Rapere is a drone that hunts and drops tangle lines on bothersome drones

Rapere drone
While drones can be used for innocuous (and even charming) purposes, they’re also prone to be used in ways that cause headaches for others – flying too close to aircraft and snapping photos of celebrities from the sky, for example. One way to deal with pesky drones rudely invading your space is to just shoot them down, but thanks to a team of California-based developers, there’s a less violent solution: the Rapere, a drone that hunts and takes down other drones.

The Rapere (Latin for destroy, drag off or snatch) is the brainchild of a group of developers with experience in the unmanned aircraft systems (UAS) industry. Since the malicious use of drones is inevitable, “there should be an option to thwart it,” according to the team’s website.

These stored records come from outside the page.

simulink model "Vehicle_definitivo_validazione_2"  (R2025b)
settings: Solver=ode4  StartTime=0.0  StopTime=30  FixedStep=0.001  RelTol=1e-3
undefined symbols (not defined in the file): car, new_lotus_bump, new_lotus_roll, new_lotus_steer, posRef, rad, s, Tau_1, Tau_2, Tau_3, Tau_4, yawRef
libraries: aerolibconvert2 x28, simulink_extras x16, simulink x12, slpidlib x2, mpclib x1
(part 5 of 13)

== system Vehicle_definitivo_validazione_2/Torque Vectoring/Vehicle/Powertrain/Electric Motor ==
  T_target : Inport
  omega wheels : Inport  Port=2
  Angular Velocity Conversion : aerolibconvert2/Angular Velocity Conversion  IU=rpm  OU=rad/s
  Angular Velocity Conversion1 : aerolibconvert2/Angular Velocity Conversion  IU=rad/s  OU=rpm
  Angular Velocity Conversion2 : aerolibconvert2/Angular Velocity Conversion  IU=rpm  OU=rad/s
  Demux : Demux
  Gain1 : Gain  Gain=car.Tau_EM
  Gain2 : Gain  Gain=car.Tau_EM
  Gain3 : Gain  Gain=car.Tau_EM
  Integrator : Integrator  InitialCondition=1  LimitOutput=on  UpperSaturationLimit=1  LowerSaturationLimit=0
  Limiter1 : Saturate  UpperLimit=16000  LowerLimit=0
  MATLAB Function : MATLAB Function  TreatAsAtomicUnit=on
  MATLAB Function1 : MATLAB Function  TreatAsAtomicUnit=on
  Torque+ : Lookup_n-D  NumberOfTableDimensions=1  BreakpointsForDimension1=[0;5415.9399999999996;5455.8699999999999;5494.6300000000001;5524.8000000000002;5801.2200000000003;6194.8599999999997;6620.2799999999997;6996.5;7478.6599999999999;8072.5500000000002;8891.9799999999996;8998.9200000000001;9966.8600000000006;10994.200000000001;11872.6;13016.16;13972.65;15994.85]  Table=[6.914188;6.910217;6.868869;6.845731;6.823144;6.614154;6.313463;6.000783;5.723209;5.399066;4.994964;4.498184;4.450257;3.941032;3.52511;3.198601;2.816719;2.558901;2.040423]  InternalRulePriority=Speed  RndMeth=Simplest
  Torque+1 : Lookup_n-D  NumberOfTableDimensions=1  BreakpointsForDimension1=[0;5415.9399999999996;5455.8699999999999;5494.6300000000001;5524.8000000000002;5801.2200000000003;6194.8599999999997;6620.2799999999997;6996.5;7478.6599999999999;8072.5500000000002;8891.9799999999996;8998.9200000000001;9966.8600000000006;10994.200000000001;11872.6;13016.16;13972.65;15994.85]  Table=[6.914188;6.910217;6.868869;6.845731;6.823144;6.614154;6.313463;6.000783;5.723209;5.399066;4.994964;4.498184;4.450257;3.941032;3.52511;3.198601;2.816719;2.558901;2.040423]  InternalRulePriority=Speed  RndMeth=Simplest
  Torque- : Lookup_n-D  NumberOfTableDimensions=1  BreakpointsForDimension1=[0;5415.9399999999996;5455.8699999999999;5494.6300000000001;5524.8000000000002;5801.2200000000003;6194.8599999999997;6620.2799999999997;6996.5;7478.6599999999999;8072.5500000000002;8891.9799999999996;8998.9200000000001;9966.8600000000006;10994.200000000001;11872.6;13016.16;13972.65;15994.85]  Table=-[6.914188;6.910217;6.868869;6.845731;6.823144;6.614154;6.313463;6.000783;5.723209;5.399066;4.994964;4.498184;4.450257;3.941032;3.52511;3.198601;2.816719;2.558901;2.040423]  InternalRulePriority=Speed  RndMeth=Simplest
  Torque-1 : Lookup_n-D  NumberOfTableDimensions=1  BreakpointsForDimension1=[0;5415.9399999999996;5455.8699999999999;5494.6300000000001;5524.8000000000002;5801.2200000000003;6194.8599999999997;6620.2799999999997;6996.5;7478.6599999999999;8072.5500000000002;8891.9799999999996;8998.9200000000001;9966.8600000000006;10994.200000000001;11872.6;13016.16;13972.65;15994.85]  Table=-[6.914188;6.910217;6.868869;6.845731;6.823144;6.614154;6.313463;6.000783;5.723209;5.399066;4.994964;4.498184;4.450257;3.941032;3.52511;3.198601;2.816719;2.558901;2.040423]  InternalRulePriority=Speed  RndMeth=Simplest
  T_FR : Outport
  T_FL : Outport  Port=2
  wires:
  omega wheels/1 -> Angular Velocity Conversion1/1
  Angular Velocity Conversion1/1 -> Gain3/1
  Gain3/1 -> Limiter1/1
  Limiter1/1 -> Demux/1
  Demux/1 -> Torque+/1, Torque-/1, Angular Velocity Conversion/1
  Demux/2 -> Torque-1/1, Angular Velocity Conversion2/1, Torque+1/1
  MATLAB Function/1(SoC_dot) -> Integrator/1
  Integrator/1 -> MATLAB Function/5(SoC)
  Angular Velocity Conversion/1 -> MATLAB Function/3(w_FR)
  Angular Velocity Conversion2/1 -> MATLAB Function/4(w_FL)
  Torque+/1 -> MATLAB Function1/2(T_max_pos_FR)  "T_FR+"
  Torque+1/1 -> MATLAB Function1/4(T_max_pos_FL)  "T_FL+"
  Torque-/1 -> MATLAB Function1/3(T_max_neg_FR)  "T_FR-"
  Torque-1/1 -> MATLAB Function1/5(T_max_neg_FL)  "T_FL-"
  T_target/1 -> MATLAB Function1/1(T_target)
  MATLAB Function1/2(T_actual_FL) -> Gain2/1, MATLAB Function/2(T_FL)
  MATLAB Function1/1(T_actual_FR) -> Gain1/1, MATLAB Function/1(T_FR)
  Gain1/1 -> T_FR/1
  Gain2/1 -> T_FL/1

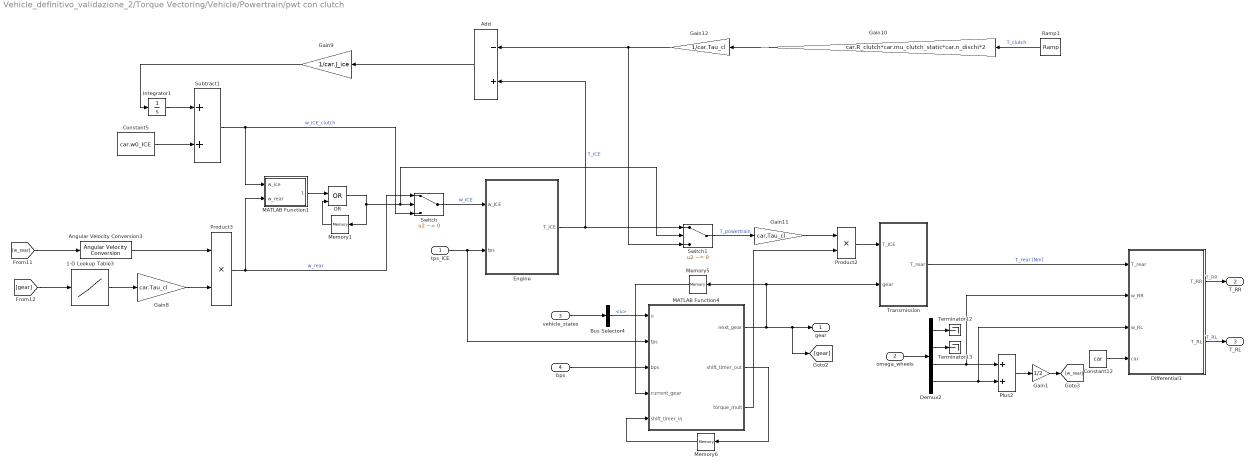
== system Vehicle_definitivo_validazione_2/Torque Vectoring/Vehicle/Powertrain/pwt con clutch ==
  tps_ICE : Inport
  omega_wheels : Inport  Port=2
  vehicle_states : Inport  Port=3
  bps : Inport  Port=4
  1-D Lookup Table3 : Lookup_n-D  NumberOfTableDimensions=1  BreakpointsForDimension1=[1;2;3;4]  Table=[Tau_1; Tau_2; Tau_3; Tau_4]  InternalRulePriority=Speed  RndMeth=Simplest
  Add : Sum  Inputs=-+
  Angular Velocity Conversion3 : aerolibconvert2/Angular Velocity Conversion  IU=rad/s  OU=rpm
  Bus Selector4 : BusSelector  OutputSignals=velocities.u
  Constant12 : Constant  Value=car  OutDataTypeStr=Bus: slBus1
  Constant5 : Constant  Value=car.w0_ICE
  Demux2 : Demux
  Differential1 : MATLAB Function  TreatAsAtomicUnit=on
  Engine : Subsystem
  Gain1 : Gain  Gain=1/2
  Gain10 : Gain  Gain=car.R_clutch*car.mu_clutch_static*car.n_dischi*2
  Gain11 : Gain  Gain=car.Tau_cl
  Gain12 : Gain  Gain=1/car.Tau_cl
  Gain8 : Gain  Gain=car.Tau_cl
  Gain9 : Gain  Gain=1/car.J_ice
  Integrator1 : Integrator
  MATLAB Function1 : MATLAB Function  TreatAsAtomicUnit=on
  MATLAB Function4 : MATLAB Function  TreatAsAtomicUnit=on
  Memory1 : Memory
  Memory5 : Memory  InitialCondition=2
  Memory6 : Memory
  OR : Logic  Operator=OR  IconShape=distinctive  AllPortsSameDT=off  OutDataTypeStr=boolean
  Plus2 : Sum
  Product2 : Product
  Product3 : Product
  Ramp1 : simulink/Sources/Ramp  slope=5000  start=0  InitialOutput=671
  Subtract1 : Sum
  Switch : Switch  Criteria=u2 ~= 0  Threshold=50  SaturateOnIntegerOverflow=off  InputSameDT=off
  Switch1 : Switch  Criteria=u2 ~= 0  Threshold=50  SaturateOnIntegerOverflow=off  InputSameDT=off
  Terminator12 : Terminator
  Terminator13 : Terminator
  Transmission : Subsystem
  gear : Outport
  T_RR : Outport  Port=2
  T_RL : Outport  Port=3
  wires:
  Ramp1/1 -> Gain10/1  "T_clutch"
  MATLAB Function1/1(condizione) -> OR/1
  [gear] -> 1-D Lookup Table3/1
  Gain10/1 -> Gain12/1
  Angular Velocity Conversion3/1 -> Product3/1
  [w_rear] -> Angular Velocity Conversion3/1
  Gain12/1 -> Switch1/3, Add/1
  Integrator1/1 -> Subtract1/1
  Switch/1 -> Engine/1(w_ICE)  "w_ICE"
  Subtract1/1 -> Switch/3, MATLAB Function1/1(w_ice)  "w_ICE_clutch"
  Switch1/1 -> Gain11/1  "T_powertrain"
  Constant5/1 -> Subtract1/2
  Memory1/1 -> OR/2
  tps_ICE/1 -> Engine/2(tps), MATLAB Function4/2(tps)
  Add/1 -> Gain9/1
  Memory5/1 -> MATLAB Function4/4(current_gear)
  bps/1 -> MATLAB Function4/3(bps)
  OR/1 -> Memory1/1, Switch/2, Switch1/2
  vehicle_states/1 -> Bus Selector4/1
  Demux2/1 -> Terminator12/1
  Gain8/1 -> Product3/2
  Gain1/1 -> [w_rear]
  1-D Lookup Table3/1 -> Gain8/1
  Plus2/1 -> Gain1/1
  omega_wheels/1 -> Demux2/1
  MATLAB Function4/2(shift_timer_out) -> Memory6/1
  Transmission/1(T_rear) -> Differential1/1(T_rear)  "T_rear [Nm]"
  Memory6/1 -> MATLAB Function4/5(shift_timer_in)
  Demux2/2 -> Terminator13/1
  Demux2/4 -> Differential1/3(w_RL), Plus2/2
  Bus Selector4/1 -> MATLAB Function4/1(u)  "<u>"
  Demux2/3 -> Differential1/2(w_RR), Plus2/1
  MATLAB Function4/1(next_gear) -> Memory5/1, Transmission/2(gear), gear/1, [gear]
  Product3/1 -> MATLAB Function1/2(w_rear), Switch/1  "w_rear"
  Gain11/1 -> Product2/1
  MATLAB Function4/3(torque_mult) -> Product2/2
  Engine/1(T_ICE) -> Add/2, Switch1/1  "T_ICE"
  Gain9/1 -> Integrator1/1
  Product2/1 -> Transmission/1(T_ICE)
  Differential1/1(T_RR) -> T_RR/1  "T_RR"
  Constant12/1 -> Differential1/4(car)
  Differential1/2(T_RL) -> T_RL/1  "T_RL"

== system Vehicle_definitivo_validazione_2/Torque Vectoring/Vehicle/Powertrain/pwt senza clutch ==
  tps_ICE : Inport
  vehicle_states : Inport  Port=2
  bps : Inport  Port=3
  omega_wheels : Inport  Port=4
  1-D Lookup Table1 : Lookup_n-D  NumberOfTableDimensions=1  BreakpointsForDimension1=[1;2;3;4]  Table=[Tau_1; Tau_2; Tau_3; Tau_4]  InternalRulePriority=Speed  RndMeth=Simplest
  Angular Velocity Conversion1 : aerolibconvert2/Angular Velocity Conversion  IU=rad/s  OU=rpm
  Bus Selector3 : BusSelector  OutputSignals=Veh_States.velocities.u
  Constant12 : Constant  Value=car  OutDataTypeStr=Bus: slBus1
  Demux : Demux
  Differential : MATLAB Function  TreatAsAtomicUnit=on
  Engine : Subsystem
  Gain1 : Gain  Gain=1/2
  Gain2 : Gain  Gain=car.Tau_cl
  Gain5 : Gain  Gain=car.Tau_cl
  Gearbox : MATLAB Function  TreatAsAtomicUnit=on
  Memory : Memory  InitialCondition=2
  Memory3 : Memory
  Plus : Sum
  Product : Product
  Product1 : Product
  Terminator : Terminator
  Terminator1 : Terminator
  Transmission : Subsystem
  T_RR : Outport
  T_RL : Outport  Port=2
  gear : Outport  Port=3
  wires:
  Memory/1 -> Gearbox/4(current_gear)
  Gain5/1 -> Product1/2
  vehicle_states/1 -> Bus Selector3/1
  Angular Velocity Conversion1/1 -> Product1/1
  Gearbox/3(shift_timer_out) -> Memory3/1
  Memory3/1 -> Gearbox/5(shift_timer_in)
  bps/1 -> Gearbox/3(bps)  "bps"
  1-D Lookup Table1/1 -> Gain5/1
  Bus Selector3/1 -> Gearbox/1(u)  "<u>"
  Gearbox/1(next_gear) -> Memory/1, Transmission/2(gear), gear/1, [gear]  "gear"
  [gear] -> 1-D Lookup Table1/1
  Transmission/1(T_rear) -> Differential/1(T_rear)  "T_rear [Nm]"
  tps_ICE/1 -> Gearbox/2(tps), Engine/2(tps)  "tps"
  Product/1 -> Transmission/1(T_ICE)
  Engine/1(T_ICE) -> Gain2/1  "T_ICE"
  Product1/1 -> Engine/1(w_ICE)  "w_ICE"
  Gearbox/2(torque_mult) -> Product/2
  Gain2/1 -> Product/1
  Plus/1 -> Gain1/1
  Demux/3 -> Plus/1, [w_RR]
  Gain1/1 -> Angular Velocity Conversion1/1
  Demux/4 -> [w_RL], Plus/2
  omega_wheels/1 -> Demux/1
  Demux/1 -> Terminator/1  "w_front"
  Demux/2 -> Terminator1/1
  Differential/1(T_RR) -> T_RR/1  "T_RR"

The drone-hunting drone sits on a charging base and can be taken outside when the owner wants to deal with a bothersome drone. Once the Rapere is sent into the sky, it will scan the surrounding airspace for drones. (The website says the Rapere can distinguish a bird from a drone.) When it spots one, it can fly over the transgressing drone and drop a tangle line into the rotors, causing it to crash to the ground.

According to the Rapere Twitter feed, a round trip for the drone hunter takes about 30 seconds, though this is in a lab setting.

For those wondering if using the Rapere to down other drones is legal, you won’t get a firm answer from the website: “That depends on how you plan to use it, and where you live. The Rapere itself is legal.”

The site isn’t clear about other pieces of important information, such as the cost (“It won’t be cheap”), availability (“Not sure”), how the company will prevent people from abusing the Rapere (“We don’t know yet”) and who will be able to purchase it (“Buyers will need to be qualified”).

“Right now we are flying under the radar for commercial reasons, but all will be revealed in time,” according to the Rapere’s website.